Records for this exercise ::
******************************
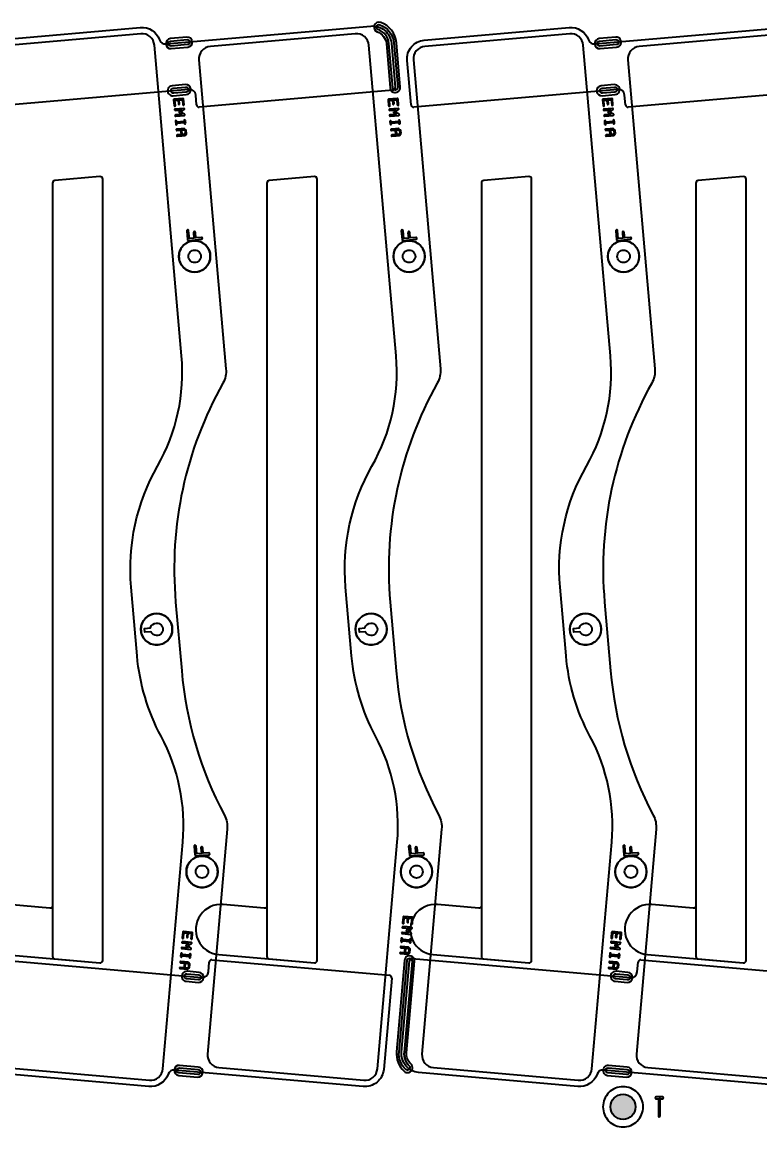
# Model space of a CAD drawing. Extents: x 2864 to 3941, y 2420 to 3182.
# Drawn here: x 3584 to 3642.8, y 2841.1 to 2929.2 of the extents above; entities that cross this region are included whole.
import ezdxf

# ---------------------------------------------------------------- set-up
doc = ezdxf.new("R2010")
doc.units = 0
for name, color, linetype in [('ada-b', 3, 'Continuous'), ('btr2_panel', 7, 'Continuous'), ('emi-panel', 2, 'Continuous'), ('emia-block-b', 5, 'Continuous')]:
    doc.layers.add(name, color=color, linetype=linetype)
doc.styles.get("Standard").update_dxf_attribs({"font": 'simplex.shx', "height": 2.7})

msp = doc.modelspace()

# ---------------------------------------------------------------- hatches: boundary and pattern name
at = {"layer": 'emia-block-b', "linetype": 'Continuous'}
msp.add_hatch(color=256, dxfattribs=at).paths.add_polyline_path([(3632.92607, 2842.74429, 1), (3630.92607, 2842.74429, 1)])

# ---------------------------------------------------------------- linework, layer by layer
at = {"layer": 'ada-b', "linetype": 'Continuous'}
for points in [[(3590.4348, 2854.41597), (3590.43502, 2916.70777, 0.440004), (3590.21759, 2916.907), (3586.61713, 2916.592, 0.388891), (3586.43456, 2916.39276), (3586.43462, 2858.78117, -0.440016), (3586.2172, 2858.58193), (3582.93462, 2858.86914, 1), (3582.58616, 2854.88432), (3590.21738, 2854.21674, 0.44002)], [(3590.43491, 2854.41598), (3590.43502, 2916.70777, 0.440004), (3590.21759, 2916.907), (3586.61713, 2916.592, 0.388891), (3586.43456, 2916.39276), (3586.43453, 2854.7309, 0.388895), (3586.61711, 2854.53166), (3590.21746, 2854.21672, 0.440063)], [(3607.5348, 2854.41597), (3607.53502, 2916.70777, 0.440004), (3607.31759, 2916.907), (3603.71713, 2916.592, 0.388891), (3603.53456, 2916.39276), (3603.53462, 2858.78117, -0.440016), (3603.3172, 2858.58193), (3600.03462, 2858.86914, 1), (3599.68616, 2854.88432), (3607.31738, 2854.21674, 0.44002)], [(3607.53491, 2854.41598), (3607.53502, 2916.70777, 0.440004), (3607.31759, 2916.907), (3603.71713, 2916.592, 0.388891), (3603.53456, 2916.39276), (3603.53453, 2854.7309, 0.388895), (3603.71711, 2854.53166), (3607.31746, 2854.21672, 0.440063)], [(3624.6348, 2854.41597), (3624.63502, 2916.70777, 0.440004), (3624.41759, 2916.907), (3620.81713, 2916.592, 0.388891), (3620.63456, 2916.39276), (3620.63462, 2858.78117, -0.440016), (3620.4172, 2858.58193), (3617.13462, 2858.86914, 1), (3616.78616, 2854.88432), (3624.41738, 2854.21674, 0.44002)], [(3624.63491, 2854.41598), (3624.63502, 2916.70777, 0.440004), (3624.41759, 2916.907), (3620.81713, 2916.592, 0.388891), (3620.63456, 2916.39276), (3620.63453, 2854.7309, 0.388895), (3620.81711, 2854.53166), (3624.41746, 2854.21672, 0.440063)], [(3641.7348, 2854.41597), (3641.73502, 2916.70777, 0.440004), (3641.51759, 2916.907), (3637.91713, 2916.592, 0.388891), (3637.73456, 2916.39276), (3637.73462, 2858.78117, -0.440016), (3637.5172, 2858.58193), (3634.23462, 2858.86914, 1), (3633.88616, 2854.88432), (3641.51738, 2854.21674, 0.44002)], [(3641.73491, 2854.41598), (3641.73502, 2916.70777, 0.440004), (3641.51759, 2916.907), (3637.91713, 2916.592, 0.388891), (3637.73456, 2916.39276), (3637.73453, 2854.7309, 0.388895), (3637.91711, 2854.53166), (3641.51746, 2854.21672, 0.440063)]]:
    msp.add_lwpolyline(points, format="xyb", close=True, dxfattribs=at)
at = {"layer": 'btr2_panel'}
for p, q in [((3596.96658, 2921.87186), (3596.66582, 2922.03646)), ((3614.06658, 2921.87186), (3613.76582, 2922.03646)), ((3631.16658, 2921.87186), (3630.86582, 2922.03646)), ((3614.77996, 2856.79704), (3615.08072, 2856.96164)), ((3597.21187, 2855.59784), (3597.51264, 2855.76244)), ((3631.41187, 2855.59784), (3631.71264, 2855.76244))]:
    msp.add_line(p, q, dxfattribs=at)
at = {"layer": 'btr2_panel', "linetype": 'Continuous'}
for points in [[(3612.60555, 2929.19751, 1), (3612.33259, 2928.44552, -0.291712), (3613.05308, 2927.5074), (3613.36265, 2923.96908, 1), (3614.1596, 2924.0388)], [(3613.96036, 2924.02137, -1), (3613.56188, 2923.98651), (3613.25232, 2927.52483, 0.29171), (3612.40083, 2928.63351, -1), (3612.53731, 2929.00951)], [(3612.53731, 2929.00951, -0.291711), (3613.6508, 2927.55969), (3613.96036, 2924.02137)], [(3614.1596, 2924.0388), (3613.85004, 2927.57712, 0.291712), (3612.60555, 2929.19751)], [(3596.66582, 2922.03646), (3596.93339, 2922.25075, 0.742511), (3596.89782, 2922.33962), (3596.2051, 2922.27902, 1), (3596.21382, 2922.1794), (3596.74202, 2922.22561)], [(3596.77371, 2921.86342), (3596.24551, 2921.81721, 1), (3596.25422, 2921.71759), (3596.94682, 2921.77818, 0.743044), (3596.96658, 2921.87186)], [(3596.74202, 2922.22561), (3596.54487, 2922.06771, 0.53607), (3596.55202, 2921.98474), (3596.77371, 2921.86342)], [(3613.76582, 2922.03646), (3614.03339, 2922.25075, 0.742511), (3613.99782, 2922.33962), (3613.3051, 2922.27902, 1), (3613.31382, 2922.1794), (3613.84202, 2922.22561)], [(3613.87371, 2921.86342), (3613.34551, 2921.81721, 1), (3613.35422, 2921.71759), (3614.04682, 2921.77818, 0.743044), (3614.06658, 2921.87186)], [(3613.84202, 2922.22561), (3613.64487, 2922.06771, 0.53607), (3613.65202, 2921.98474), (3613.87371, 2921.86342)], [(3630.86582, 2922.03646), (3631.13339, 2922.25075, 0.742511), (3631.09782, 2922.33962), (3630.4051, 2922.27902, 1), (3630.41382, 2922.1794), (3630.94202, 2922.22561)], [(3630.97371, 2921.86342), (3630.44551, 2921.81721, 1), (3630.45422, 2921.71759), (3631.14682, 2921.77818, 0.743044), (3631.16658, 2921.87186)], [(3630.94202, 2922.22561), (3630.74487, 2922.06771, 0.53607), (3630.75202, 2921.98474), (3630.97371, 2921.86342)], [(3614.85616, 2856.60789), (3614.32796, 2856.65411, 1), (3614.31924, 2856.55449), (3615.01172, 2856.49391, 0.743963), (3615.04757, 2856.58272), (3614.77996, 2856.79704)], [(3615.08072, 2856.96164, 0.74498), (3615.0607, 2857.05535), (3614.36836, 2857.11592, 1), (3614.35965, 2857.0163), (3614.88785, 2856.97009)], [(3614.88785, 2856.97009), (3614.66616, 2856.84876, 0.537055), (3614.65913, 2856.7657), (3614.85616, 2856.60789)], [(3597.28808, 2855.40869), (3596.75988, 2855.4549, 1), (3596.75116, 2855.35528), (3597.44363, 2855.2947, 0.743963), (3597.47949, 2855.38352), (3597.21187, 2855.59784)], [(3597.51264, 2855.76244, 0.74498), (3597.49262, 2855.85614), (3596.80028, 2855.91671, 1), (3596.79157, 2855.81709), (3597.31977, 2855.77088)], [(3597.31977, 2855.77088), (3597.09807, 2855.64956, 0.537055), (3597.09104, 2855.56649), (3597.28808, 2855.40869)], [(3631.48808, 2855.40869), (3630.95988, 2855.4549, 1), (3630.95116, 2855.35528), (3631.64363, 2855.2947, 0.743963), (3631.67949, 2855.38352), (3631.41187, 2855.59784)], [(3631.71264, 2855.76244, 0.74498), (3631.69262, 2855.85614), (3631.00028, 2855.91671, 1), (3630.99157, 2855.81709), (3631.51977, 2855.77088)], [(3631.51977, 2855.77088), (3631.29807, 2855.64956, 0.537055), (3631.29104, 2855.56649), (3631.48808, 2855.40869)], [(3615.30066, 2854.35039, 1), (3614.50371, 2854.42012), (3613.86608, 2847.13235, 0.230922), (3614.46335, 2845.57684)], [(3614.59972, 2845.72314, -0.230922), (3614.06532, 2847.11492), (3614.70295, 2854.40269, -1), (3615.10143, 2854.36783)], [(3615.10143, 2854.36783), (3614.4638, 2847.08005, 0.230923), (3614.87247, 2846.01574, -1), (3614.59972, 2845.72314)], [(3614.46335, 2845.57684, 1), (3615.00884, 2846.16203, -0.230922), (3614.66304, 2847.06262), (3615.30066, 2854.35039)]]:
    msp.add_lwpolyline(points, format="xyb", dxfattribs=at)
for points in [[(3596.82299, 2863.84536, 0.145892), (3595.08788, 2872.29719, -0.101585), (3593.18035, 2878.69528), (3592.701, 2884.17421, -0.152268), (3594.80892, 2893.82848, 0.152268), (3596.72597, 2902.61012), (3594.55841, 2927.38538, 0.414215), (3593.47507, 2928.29442), (3581.91928, 2927.28342, 0.414215), (3581.01024, 2926.20007), (3583.16427, 2901.57941, -0.151039), (3582.91521, 2900.42479, 0.151026), (3579.15283, 2882.9889), (3579.63217, 2877.50997, 0.100411), (3583.03641, 2865.99401, -0.144694), (3583.2619, 2864.88277), (3581.6932, 2846.95482, 0.414156), (3582.60229, 2845.87153), (3594.15812, 2844.86035, 0.414232), (3595.24148, 2845.76932)], [(3597.21208, 2927.22569, 1), (3597.14236, 2928.02265), (3595.83518, 2927.90828, 1), (3595.90491, 2927.11133)], [(3597.19465, 2927.42493), (3595.88747, 2927.31057, -1), (3595.85261, 2927.70905), (3597.15979, 2927.82341, -1)], [(3613.92299, 2863.84536, 0.145892), (3612.18788, 2872.29719, -0.101585), (3610.28035, 2878.69528), (3609.801, 2884.17421, -0.152268), (3611.90892, 2893.82848, 0.152268), (3613.82597, 2902.61012), (3611.65841, 2927.38538, 0.414215), (3610.57507, 2928.29442), (3599.01928, 2927.28342, 0.414215), (3598.11024, 2926.20007), (3600.26427, 2901.57941, -0.151039), (3600.01521, 2900.42479, 0.151026), (3596.25283, 2882.9889), (3596.73217, 2877.50997, 0.100411), (3600.13641, 2865.99401, -0.144694), (3600.3619, 2864.88277), (3598.7932, 2846.95482, 0.414156), (3599.70229, 2845.87153), (3611.25812, 2844.86035, 0.414232), (3612.34148, 2845.76932)], [(3631.02299, 2863.84536, 0.145892), (3629.28788, 2872.29719, -0.101585), (3627.38035, 2878.69528), (3626.901, 2884.17421, -0.152268), (3629.00892, 2893.82848, 0.152268), (3630.92597, 2902.61012), (3628.75841, 2927.38538, 0.414215), (3627.67507, 2928.29442), (3616.11928, 2927.28342, 0.414215), (3615.21024, 2926.20007), (3617.36427, 2901.57941, -0.151039), (3617.11521, 2900.42479, 0.151026), (3613.35283, 2882.9889), (3613.83217, 2877.50997, 0.100411), (3617.23641, 2865.99401, -0.144694), (3617.4619, 2864.88277), (3615.8932, 2846.95482, 0.414156), (3616.80229, 2845.87153), (3628.35812, 2844.86035, 0.414232), (3629.44148, 2845.76932)], [(3631.41208, 2927.22569, 1), (3631.34236, 2928.02265), (3630.03518, 2927.90828, 1), (3630.10491, 2927.11133)], [(3631.39465, 2927.42493), (3630.08747, 2927.31057, -1), (3630.05261, 2927.70905), (3631.35979, 2927.82341, -1)], [(3648.12299, 2863.84536, 0.145892), (3646.38788, 2872.29719, -0.101585), (3644.48035, 2878.69528), (3644.001, 2884.17421, -0.152268), (3646.10892, 2893.82848, 0.152268), (3648.02597, 2902.61012), (3645.85841, 2927.38538, 0.414215), (3644.77507, 2928.29442), (3633.21928, 2927.28342, 0.414215), (3632.31024, 2926.20007), (3634.46427, 2901.57941, -0.151039), (3634.21521, 2900.42479, 0.151026), (3630.45283, 2882.9889), (3630.93217, 2877.50997, 0.100411), (3634.33641, 2865.99401, -0.144694), (3634.5619, 2864.88277), (3632.9932, 2846.95482, 0.414156), (3633.90229, 2845.87153), (3645.45812, 2844.86035, 0.414232), (3646.54148, 2845.76932)], [(3597.09833, 2923.4399, 1), (3597.0286, 2924.23686), (3595.97917, 2924.14504, 1), (3596.0489, 2923.34809)], [(3631.29833, 2923.4399, 1), (3631.2286, 2924.23686), (3630.17917, 2924.14504, 1), (3630.2489, 2923.34809)], [(3597.08089, 2923.63914), (3596.09948, 2923.55328, -1), (3596.06462, 2923.95176), (3597.04603, 2924.03762, -1)], [(3631.28089, 2923.63914), (3630.29948, 2923.55328, -1), (3630.26462, 2923.95176), (3631.24603, 2924.03762, -1)], [(3596.92267, 2922.62931), (3596.88226, 2923.09113, 0.414255), (3596.8281, 2923.13658), (3596.13538, 2923.07597, 0.414255), (3596.08993, 2923.02181), (3596.13033, 2922.55999, 1), (3596.22995, 2922.56871), (3596.1939, 2922.98071), (3596.44064, 2923.0023), (3596.46659, 2922.70575, 1), (3596.56621, 2922.71446), (3596.54026, 2923.01101), (3596.787, 2923.0326), (3596.82305, 2922.6206, 1)], [(3614.02267, 2922.62931), (3613.98226, 2923.09113, 0.414255), (3613.9281, 2923.13658), (3613.23538, 2923.07597, 0.414255), (3613.18993, 2923.02181), (3613.23033, 2922.55999, 1), (3613.32995, 2922.56871), (3613.2939, 2922.98071), (3613.54064, 2923.0023), (3613.56659, 2922.70575, 1), (3613.66621, 2922.71446), (3613.64026, 2923.01101), (3613.887, 2923.0326), (3613.92305, 2922.6206, 1)], [(3631.12267, 2922.62931), (3631.08226, 2923.09113, 0.414255), (3631.0281, 2923.13658), (3630.33538, 2923.07597, 0.414255), (3630.28993, 2923.02181), (3630.33033, 2922.55999, 1), (3630.42995, 2922.56871), (3630.3939, 2922.98071), (3630.64064, 2923.0023), (3630.66659, 2922.70575, 1), (3630.76621, 2922.71446), (3630.74026, 2923.01101), (3630.987, 2923.0326), (3631.02305, 2922.6206, 1)], [(3597.05201, 2921.15085), (3597.04192, 2921.2662), (3597.0419, 2921.26641), (3597.03181, 2921.38176, 1), (3596.93219, 2921.37305), (3596.93794, 2921.3074), (3596.34484, 2921.25551), (3596.3391, 2921.32116, 1), (3596.23948, 2921.31244), (3596.25968, 2921.08153, 1), (3596.3593, 2921.09025), (3596.35356, 2921.15589), (3596.94665, 2921.20778), (3596.95239, 2921.14214, 1)], [(3597.12172, 2920.35409), (3597.10156, 2920.58461, 0.2), (3597.08387, 2920.61875), (3596.95832, 2920.7241, 0.199997), (3596.92163, 2920.73559), (3596.69127, 2920.71544), (3596.69055, 2920.71538), (3596.34455, 2920.68511, 1), (3596.35327, 2920.58549), (3596.64982, 2920.61143), (3596.68151, 2920.24924), (3596.38496, 2920.22329, 1), (3596.39367, 2920.12367), (3596.73989, 2920.15396), (3596.74017, 2920.15399), (3596.97074, 2920.17416, 0.2), (3597.00488, 2920.19185), (3597.11023, 2920.3174, 0.199997)], [(3614.15201, 2921.15085), (3614.14192, 2921.2662), (3614.1419, 2921.26641), (3614.13181, 2921.38176, 1), (3614.03219, 2921.37305), (3614.03794, 2921.3074), (3613.44484, 2921.25551), (3613.4391, 2921.32116, 1), (3613.33948, 2921.31244), (3613.35968, 2921.08153, 1), (3613.4593, 2921.09025), (3613.45356, 2921.15589), (3614.04665, 2921.20778), (3614.05239, 2921.14214, 1)], [(3614.22172, 2920.35409), (3614.20156, 2920.58461, 0.2), (3614.18387, 2920.61875), (3614.05832, 2920.7241, 0.199997), (3614.02163, 2920.73559), (3613.79127, 2920.71544), (3613.79055, 2920.71538), (3613.44455, 2920.68511, 1), (3613.45327, 2920.58549), (3613.74982, 2920.61143), (3613.78151, 2920.24924), (3613.48496, 2920.22329, 1), (3613.49367, 2920.12367), (3613.83989, 2920.15396), (3613.84017, 2920.15399), (3614.07074, 2920.17416, 0.2), (3614.10488, 2920.19185), (3614.21023, 2920.3174, 0.199997)], [(3631.25201, 2921.15085), (3631.24192, 2921.2662), (3631.2419, 2921.26641), (3631.23181, 2921.38176, 1), (3631.13219, 2921.37305), (3631.13794, 2921.3074), (3630.54484, 2921.25551), (3630.5391, 2921.32116, 1), (3630.43948, 2921.31244), (3630.45968, 2921.08153, 1), (3630.5593, 2921.09025), (3630.55356, 2921.15589), (3631.14665, 2921.20778), (3631.15239, 2921.14214, 1)], [(3631.32172, 2920.35409), (3631.30156, 2920.58461, 0.2), (3631.28387, 2920.61875), (3631.15832, 2920.7241, 0.199997), (3631.12163, 2920.73559), (3630.89127, 2920.71544), (3630.89055, 2920.71538), (3630.54455, 2920.68511, 1), (3630.55327, 2920.58549), (3630.84982, 2920.61143), (3630.88151, 2920.24924), (3630.58496, 2920.22329, 1), (3630.59367, 2920.12367), (3630.93989, 2920.15396), (3630.94017, 2920.15399), (3631.17074, 2920.17416, 0.2), (3631.20488, 2920.19185), (3631.31023, 2920.3174, 0.199997)], [(3598.32148, 2911.9056, 1), (3598.30841, 2912.05503), (3597.86359, 2912.01611), (3597.82467, 2912.46093, 1), (3597.67524, 2912.44786), (3597.71416, 2912.00304), (3597.34405, 2911.97066), (3597.28998, 2912.58866, 1), (3597.14055, 2912.57559), (3597.20115, 2911.88287, 0.414234), (3597.28241, 2911.81469), (3597.8015, 2911.86011), (3597.80239, 2911.86018)], [(3615.42148, 2911.9056, 1), (3615.40841, 2912.05503), (3614.96359, 2912.01611), (3614.92467, 2912.46093, 1), (3614.77524, 2912.44786), (3614.81416, 2912.00304), (3614.44405, 2911.97066), (3614.38998, 2912.58866, 1), (3614.24055, 2912.57559), (3614.30115, 2911.88287, 0.414234), (3614.38241, 2911.81469), (3614.9015, 2911.86011), (3614.90239, 2911.86018)], [(3632.52148, 2911.9056, 1), (3632.50841, 2912.05503), (3632.06359, 2912.01611), (3632.02467, 2912.46093, 1), (3631.87524, 2912.44786), (3631.91416, 2912.00304), (3631.54405, 2911.97066), (3631.48998, 2912.58866, 1), (3631.34055, 2912.57559), (3631.40115, 2911.88287, 0.414234), (3631.48241, 2911.81469), (3632.0015, 2911.86011), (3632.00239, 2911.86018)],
******************************
Exercise :: Give the total number of lines in the entries that contain the word "emia", with no other words.

Exercise response :: 2